Brief: Print the lines in the listing below that fall between the line with "line L37 (-12.2875, -35)" and the line with "circle A4 centre (-23.1854, 0) radius 6.826", those two lines included, exactly as they stand and with nothing else.
+++
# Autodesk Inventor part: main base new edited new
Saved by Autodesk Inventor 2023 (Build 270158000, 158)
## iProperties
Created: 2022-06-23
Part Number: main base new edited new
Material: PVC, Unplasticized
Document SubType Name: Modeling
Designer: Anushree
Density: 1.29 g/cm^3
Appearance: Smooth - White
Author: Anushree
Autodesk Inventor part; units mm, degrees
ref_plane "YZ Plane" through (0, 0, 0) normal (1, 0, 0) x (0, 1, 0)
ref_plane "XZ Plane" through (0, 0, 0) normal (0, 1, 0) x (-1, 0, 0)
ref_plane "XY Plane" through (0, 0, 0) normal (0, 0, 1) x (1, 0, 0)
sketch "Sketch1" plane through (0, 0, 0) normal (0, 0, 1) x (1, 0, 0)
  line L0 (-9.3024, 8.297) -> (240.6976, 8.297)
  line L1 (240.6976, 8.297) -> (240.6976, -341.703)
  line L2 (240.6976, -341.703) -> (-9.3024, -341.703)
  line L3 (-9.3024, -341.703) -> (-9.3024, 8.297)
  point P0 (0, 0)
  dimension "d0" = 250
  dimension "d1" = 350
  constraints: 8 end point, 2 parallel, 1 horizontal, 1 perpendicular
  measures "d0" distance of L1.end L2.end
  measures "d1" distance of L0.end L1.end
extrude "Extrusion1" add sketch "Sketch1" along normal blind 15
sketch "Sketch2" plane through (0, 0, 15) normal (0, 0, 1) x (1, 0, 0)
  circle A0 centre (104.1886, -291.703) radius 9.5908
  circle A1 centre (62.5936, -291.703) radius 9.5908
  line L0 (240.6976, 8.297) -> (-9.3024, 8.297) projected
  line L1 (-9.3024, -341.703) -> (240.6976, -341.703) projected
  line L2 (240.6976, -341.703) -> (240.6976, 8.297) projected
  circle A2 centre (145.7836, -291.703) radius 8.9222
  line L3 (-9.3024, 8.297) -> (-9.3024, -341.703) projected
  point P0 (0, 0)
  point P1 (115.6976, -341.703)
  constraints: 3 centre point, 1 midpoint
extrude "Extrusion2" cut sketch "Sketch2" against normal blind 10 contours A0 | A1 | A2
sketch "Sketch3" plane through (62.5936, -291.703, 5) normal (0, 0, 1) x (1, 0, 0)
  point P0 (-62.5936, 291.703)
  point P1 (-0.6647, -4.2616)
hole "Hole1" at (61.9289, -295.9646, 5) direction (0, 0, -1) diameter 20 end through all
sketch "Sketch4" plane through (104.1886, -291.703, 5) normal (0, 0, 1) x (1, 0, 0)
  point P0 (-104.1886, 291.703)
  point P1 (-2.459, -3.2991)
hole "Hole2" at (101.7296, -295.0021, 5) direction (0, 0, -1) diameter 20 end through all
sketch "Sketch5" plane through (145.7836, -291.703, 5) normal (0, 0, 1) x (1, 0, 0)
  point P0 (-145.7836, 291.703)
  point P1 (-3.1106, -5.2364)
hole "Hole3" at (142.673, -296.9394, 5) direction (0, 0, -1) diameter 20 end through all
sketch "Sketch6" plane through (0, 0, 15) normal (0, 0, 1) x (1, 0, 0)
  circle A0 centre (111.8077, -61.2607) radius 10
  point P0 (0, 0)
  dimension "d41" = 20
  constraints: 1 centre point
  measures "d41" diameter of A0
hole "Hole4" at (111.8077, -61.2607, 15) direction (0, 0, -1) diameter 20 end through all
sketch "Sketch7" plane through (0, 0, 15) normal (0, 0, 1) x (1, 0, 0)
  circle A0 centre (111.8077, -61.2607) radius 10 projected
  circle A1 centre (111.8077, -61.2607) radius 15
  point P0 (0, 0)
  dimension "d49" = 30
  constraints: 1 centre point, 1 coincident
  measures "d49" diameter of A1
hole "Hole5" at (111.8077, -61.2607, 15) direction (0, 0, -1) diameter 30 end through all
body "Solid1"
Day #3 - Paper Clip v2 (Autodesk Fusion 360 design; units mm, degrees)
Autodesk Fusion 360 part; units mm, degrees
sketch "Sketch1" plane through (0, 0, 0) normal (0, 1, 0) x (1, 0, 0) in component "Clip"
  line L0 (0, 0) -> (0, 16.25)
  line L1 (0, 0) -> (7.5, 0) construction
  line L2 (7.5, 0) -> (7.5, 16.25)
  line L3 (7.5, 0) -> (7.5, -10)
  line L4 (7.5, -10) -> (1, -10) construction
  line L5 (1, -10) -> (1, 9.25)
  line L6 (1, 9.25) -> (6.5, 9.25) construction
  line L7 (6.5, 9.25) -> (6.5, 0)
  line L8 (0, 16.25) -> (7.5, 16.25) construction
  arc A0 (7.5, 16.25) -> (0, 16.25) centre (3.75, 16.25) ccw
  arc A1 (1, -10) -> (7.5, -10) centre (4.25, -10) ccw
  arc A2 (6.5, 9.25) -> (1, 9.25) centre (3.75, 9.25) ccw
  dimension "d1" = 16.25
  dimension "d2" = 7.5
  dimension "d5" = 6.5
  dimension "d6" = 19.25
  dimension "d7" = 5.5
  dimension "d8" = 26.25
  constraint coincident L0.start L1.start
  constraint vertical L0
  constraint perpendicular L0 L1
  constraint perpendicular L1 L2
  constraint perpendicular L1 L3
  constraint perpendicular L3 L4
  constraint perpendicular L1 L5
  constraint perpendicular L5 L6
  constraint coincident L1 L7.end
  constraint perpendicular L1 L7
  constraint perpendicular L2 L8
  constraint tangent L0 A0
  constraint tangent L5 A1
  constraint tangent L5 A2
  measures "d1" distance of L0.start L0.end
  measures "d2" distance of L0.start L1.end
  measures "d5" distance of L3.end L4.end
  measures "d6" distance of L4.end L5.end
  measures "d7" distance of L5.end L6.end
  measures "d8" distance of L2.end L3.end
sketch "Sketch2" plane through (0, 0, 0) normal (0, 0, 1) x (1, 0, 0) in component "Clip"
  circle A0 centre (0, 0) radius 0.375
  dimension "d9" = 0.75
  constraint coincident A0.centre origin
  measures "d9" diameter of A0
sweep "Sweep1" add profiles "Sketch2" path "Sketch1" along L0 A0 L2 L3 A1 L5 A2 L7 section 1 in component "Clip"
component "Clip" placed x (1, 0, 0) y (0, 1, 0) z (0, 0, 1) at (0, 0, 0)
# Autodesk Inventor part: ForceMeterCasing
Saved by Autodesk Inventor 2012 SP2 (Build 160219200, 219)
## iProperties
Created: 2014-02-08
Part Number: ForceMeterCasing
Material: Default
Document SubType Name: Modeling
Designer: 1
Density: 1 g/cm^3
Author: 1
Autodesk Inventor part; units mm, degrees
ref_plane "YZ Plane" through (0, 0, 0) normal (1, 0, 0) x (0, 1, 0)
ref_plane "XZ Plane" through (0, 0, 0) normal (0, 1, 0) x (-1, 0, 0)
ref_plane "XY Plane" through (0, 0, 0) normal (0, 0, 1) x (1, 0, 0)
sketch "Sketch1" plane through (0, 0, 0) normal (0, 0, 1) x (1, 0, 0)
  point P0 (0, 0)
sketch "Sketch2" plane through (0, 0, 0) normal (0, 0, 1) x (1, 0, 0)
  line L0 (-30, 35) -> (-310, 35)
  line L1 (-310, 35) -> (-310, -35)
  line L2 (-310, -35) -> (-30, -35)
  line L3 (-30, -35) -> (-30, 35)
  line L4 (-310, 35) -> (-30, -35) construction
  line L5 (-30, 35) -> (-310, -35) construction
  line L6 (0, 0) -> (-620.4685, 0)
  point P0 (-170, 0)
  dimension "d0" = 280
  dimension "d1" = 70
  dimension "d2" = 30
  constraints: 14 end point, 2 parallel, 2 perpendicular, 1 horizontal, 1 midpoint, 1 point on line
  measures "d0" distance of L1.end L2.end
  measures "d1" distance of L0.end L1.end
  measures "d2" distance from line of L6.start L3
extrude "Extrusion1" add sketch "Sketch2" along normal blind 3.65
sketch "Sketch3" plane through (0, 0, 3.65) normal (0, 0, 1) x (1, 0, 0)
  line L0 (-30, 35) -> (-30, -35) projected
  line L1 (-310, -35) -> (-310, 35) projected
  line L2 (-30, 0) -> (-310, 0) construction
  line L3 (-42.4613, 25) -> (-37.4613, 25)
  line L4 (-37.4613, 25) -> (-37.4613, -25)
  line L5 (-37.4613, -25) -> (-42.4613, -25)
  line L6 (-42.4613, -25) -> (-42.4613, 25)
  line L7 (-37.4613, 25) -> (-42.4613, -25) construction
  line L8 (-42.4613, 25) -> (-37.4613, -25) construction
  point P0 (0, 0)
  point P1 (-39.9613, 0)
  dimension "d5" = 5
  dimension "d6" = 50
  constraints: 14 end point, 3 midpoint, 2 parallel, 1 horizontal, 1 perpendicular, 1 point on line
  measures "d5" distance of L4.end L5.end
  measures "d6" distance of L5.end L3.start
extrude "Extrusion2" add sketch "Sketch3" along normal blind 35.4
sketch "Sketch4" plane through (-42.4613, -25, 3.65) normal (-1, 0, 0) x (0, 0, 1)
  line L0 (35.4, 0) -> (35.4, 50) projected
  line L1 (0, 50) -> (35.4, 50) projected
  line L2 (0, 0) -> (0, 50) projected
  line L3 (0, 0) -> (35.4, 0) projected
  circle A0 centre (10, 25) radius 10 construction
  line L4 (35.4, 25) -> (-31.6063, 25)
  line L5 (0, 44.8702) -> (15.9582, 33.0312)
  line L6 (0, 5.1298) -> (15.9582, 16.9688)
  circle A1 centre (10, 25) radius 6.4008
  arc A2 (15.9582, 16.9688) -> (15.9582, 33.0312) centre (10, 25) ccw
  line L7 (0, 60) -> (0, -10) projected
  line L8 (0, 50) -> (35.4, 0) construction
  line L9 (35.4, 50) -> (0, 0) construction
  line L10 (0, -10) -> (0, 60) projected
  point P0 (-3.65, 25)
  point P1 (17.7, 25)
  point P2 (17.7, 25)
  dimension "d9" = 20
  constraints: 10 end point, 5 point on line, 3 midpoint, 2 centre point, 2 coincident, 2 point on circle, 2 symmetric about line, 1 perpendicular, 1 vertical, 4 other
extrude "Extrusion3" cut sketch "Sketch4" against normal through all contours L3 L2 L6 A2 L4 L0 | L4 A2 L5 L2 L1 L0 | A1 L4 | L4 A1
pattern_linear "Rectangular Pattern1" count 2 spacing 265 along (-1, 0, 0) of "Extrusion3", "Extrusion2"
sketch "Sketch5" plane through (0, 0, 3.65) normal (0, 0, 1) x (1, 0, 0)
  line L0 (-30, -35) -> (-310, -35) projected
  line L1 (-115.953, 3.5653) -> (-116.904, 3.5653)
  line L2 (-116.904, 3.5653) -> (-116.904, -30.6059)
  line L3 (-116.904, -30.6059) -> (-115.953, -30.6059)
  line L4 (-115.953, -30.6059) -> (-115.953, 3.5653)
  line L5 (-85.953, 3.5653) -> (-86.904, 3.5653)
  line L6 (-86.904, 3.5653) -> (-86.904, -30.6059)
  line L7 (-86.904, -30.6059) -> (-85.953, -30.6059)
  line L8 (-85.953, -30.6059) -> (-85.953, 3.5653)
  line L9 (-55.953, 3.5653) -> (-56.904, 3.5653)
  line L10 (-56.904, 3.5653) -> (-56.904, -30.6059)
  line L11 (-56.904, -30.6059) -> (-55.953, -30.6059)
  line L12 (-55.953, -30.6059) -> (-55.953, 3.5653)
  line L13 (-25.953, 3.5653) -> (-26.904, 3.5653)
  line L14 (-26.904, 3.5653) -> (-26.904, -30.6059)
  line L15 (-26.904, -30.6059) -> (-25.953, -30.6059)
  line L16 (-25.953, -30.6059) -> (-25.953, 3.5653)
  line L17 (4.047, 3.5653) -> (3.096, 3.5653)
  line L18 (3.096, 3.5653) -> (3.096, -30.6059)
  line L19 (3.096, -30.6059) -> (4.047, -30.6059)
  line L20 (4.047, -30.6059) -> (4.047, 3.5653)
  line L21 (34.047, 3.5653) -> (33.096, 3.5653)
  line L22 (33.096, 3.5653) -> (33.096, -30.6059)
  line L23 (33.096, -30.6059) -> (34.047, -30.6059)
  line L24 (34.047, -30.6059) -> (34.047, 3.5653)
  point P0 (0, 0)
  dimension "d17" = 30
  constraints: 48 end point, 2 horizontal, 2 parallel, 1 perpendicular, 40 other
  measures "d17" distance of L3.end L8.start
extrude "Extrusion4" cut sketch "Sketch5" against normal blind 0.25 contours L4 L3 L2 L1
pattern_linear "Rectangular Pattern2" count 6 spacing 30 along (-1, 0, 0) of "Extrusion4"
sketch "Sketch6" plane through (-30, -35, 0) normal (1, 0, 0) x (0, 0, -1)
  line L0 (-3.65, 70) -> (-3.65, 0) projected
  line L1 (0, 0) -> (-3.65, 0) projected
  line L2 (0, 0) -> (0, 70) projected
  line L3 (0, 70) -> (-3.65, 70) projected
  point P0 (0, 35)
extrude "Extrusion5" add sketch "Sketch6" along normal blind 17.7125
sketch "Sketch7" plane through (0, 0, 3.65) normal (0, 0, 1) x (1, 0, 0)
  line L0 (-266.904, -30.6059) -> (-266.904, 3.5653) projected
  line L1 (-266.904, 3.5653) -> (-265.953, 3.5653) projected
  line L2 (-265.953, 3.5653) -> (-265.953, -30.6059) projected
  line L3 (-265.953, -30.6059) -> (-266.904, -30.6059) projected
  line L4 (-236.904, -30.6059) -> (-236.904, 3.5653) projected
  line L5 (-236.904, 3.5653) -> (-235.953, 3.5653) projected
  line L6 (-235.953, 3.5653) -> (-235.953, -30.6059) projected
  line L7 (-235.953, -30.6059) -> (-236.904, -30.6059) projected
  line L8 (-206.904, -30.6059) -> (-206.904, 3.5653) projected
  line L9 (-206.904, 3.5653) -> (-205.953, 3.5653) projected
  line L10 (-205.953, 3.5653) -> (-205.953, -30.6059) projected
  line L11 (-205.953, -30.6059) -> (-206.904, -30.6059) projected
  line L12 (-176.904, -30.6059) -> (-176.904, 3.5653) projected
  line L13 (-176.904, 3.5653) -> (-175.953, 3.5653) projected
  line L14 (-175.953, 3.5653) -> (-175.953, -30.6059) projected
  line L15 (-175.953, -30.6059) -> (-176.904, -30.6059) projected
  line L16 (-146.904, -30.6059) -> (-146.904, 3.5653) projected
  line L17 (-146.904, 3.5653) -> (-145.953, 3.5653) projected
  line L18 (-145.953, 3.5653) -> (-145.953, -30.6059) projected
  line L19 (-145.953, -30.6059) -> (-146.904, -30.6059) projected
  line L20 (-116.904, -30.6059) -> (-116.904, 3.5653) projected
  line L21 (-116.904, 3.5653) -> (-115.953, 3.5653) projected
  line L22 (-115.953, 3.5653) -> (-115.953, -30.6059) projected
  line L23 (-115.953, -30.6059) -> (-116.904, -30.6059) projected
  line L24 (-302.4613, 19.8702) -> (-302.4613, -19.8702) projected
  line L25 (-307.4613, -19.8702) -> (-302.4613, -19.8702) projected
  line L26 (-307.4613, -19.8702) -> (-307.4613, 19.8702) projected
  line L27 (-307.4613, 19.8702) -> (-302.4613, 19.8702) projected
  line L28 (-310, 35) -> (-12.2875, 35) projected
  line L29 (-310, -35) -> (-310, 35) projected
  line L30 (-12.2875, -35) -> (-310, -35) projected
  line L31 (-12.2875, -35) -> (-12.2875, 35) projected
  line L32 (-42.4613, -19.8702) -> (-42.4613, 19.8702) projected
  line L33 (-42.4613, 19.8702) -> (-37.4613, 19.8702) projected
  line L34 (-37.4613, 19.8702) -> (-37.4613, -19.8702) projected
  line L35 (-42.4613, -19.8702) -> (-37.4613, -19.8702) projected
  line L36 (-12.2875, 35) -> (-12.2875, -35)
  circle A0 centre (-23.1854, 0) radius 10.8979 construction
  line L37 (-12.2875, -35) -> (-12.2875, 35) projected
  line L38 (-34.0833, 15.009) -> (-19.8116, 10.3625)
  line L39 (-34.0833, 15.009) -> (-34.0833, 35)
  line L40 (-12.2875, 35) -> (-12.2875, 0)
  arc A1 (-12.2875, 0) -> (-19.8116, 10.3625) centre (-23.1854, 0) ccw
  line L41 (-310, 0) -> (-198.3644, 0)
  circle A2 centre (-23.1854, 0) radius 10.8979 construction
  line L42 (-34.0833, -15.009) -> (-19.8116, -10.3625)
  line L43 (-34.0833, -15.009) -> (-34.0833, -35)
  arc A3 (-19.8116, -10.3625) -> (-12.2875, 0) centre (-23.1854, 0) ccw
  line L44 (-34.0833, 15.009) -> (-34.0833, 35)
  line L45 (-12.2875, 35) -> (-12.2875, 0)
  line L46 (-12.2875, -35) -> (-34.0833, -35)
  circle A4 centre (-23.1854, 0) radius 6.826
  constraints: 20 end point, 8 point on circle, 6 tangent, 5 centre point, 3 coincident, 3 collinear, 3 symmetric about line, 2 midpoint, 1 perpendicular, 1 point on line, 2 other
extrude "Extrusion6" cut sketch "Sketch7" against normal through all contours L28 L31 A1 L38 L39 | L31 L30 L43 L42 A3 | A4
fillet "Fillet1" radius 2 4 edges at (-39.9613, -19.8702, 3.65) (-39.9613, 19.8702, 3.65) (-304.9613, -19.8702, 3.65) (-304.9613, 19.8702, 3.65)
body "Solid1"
+++
Answer section:
  line L37 (-12.2875, -35) -> (-12.2875, 35) projected
  line L38 (-34.0833, 15.009) -> (-19.8116, 10.3625)
  line L39 (-34.0833, 15.009) -> (-34.0833, 35)
  line L40 (-12.2875, 35) -> (-12.2875, 0)
  arc A1 (-12.2875, 0) -> (-19.8116, 10.3625) centre (-23.1854, 0) ccw
  line L41 (-310, 0) -> (-198.3644, 0)
  circle A2 centre (-23.1854, 0) radius 10.8979 construction
  line L42 (-34.0833, -15.009) -> (-19.8116, -10.3625)
  line L43 (-34.0833, -15.009) -> (-34.0833, -35)
  arc A3 (-19.8116, -10.3625) -> (-12.2875, 0) centre (-23.1854, 0) ccw
  line L44 (-34.0833, 15.009) -> (-34.0833, 35)
  line L45 (-12.2875, 35) -> (-12.2875, 0)
  line L46 (-12.2875, -35) -> (-34.0833, -35)
  circle A4 centre (-23.1854, 0) radius 6.826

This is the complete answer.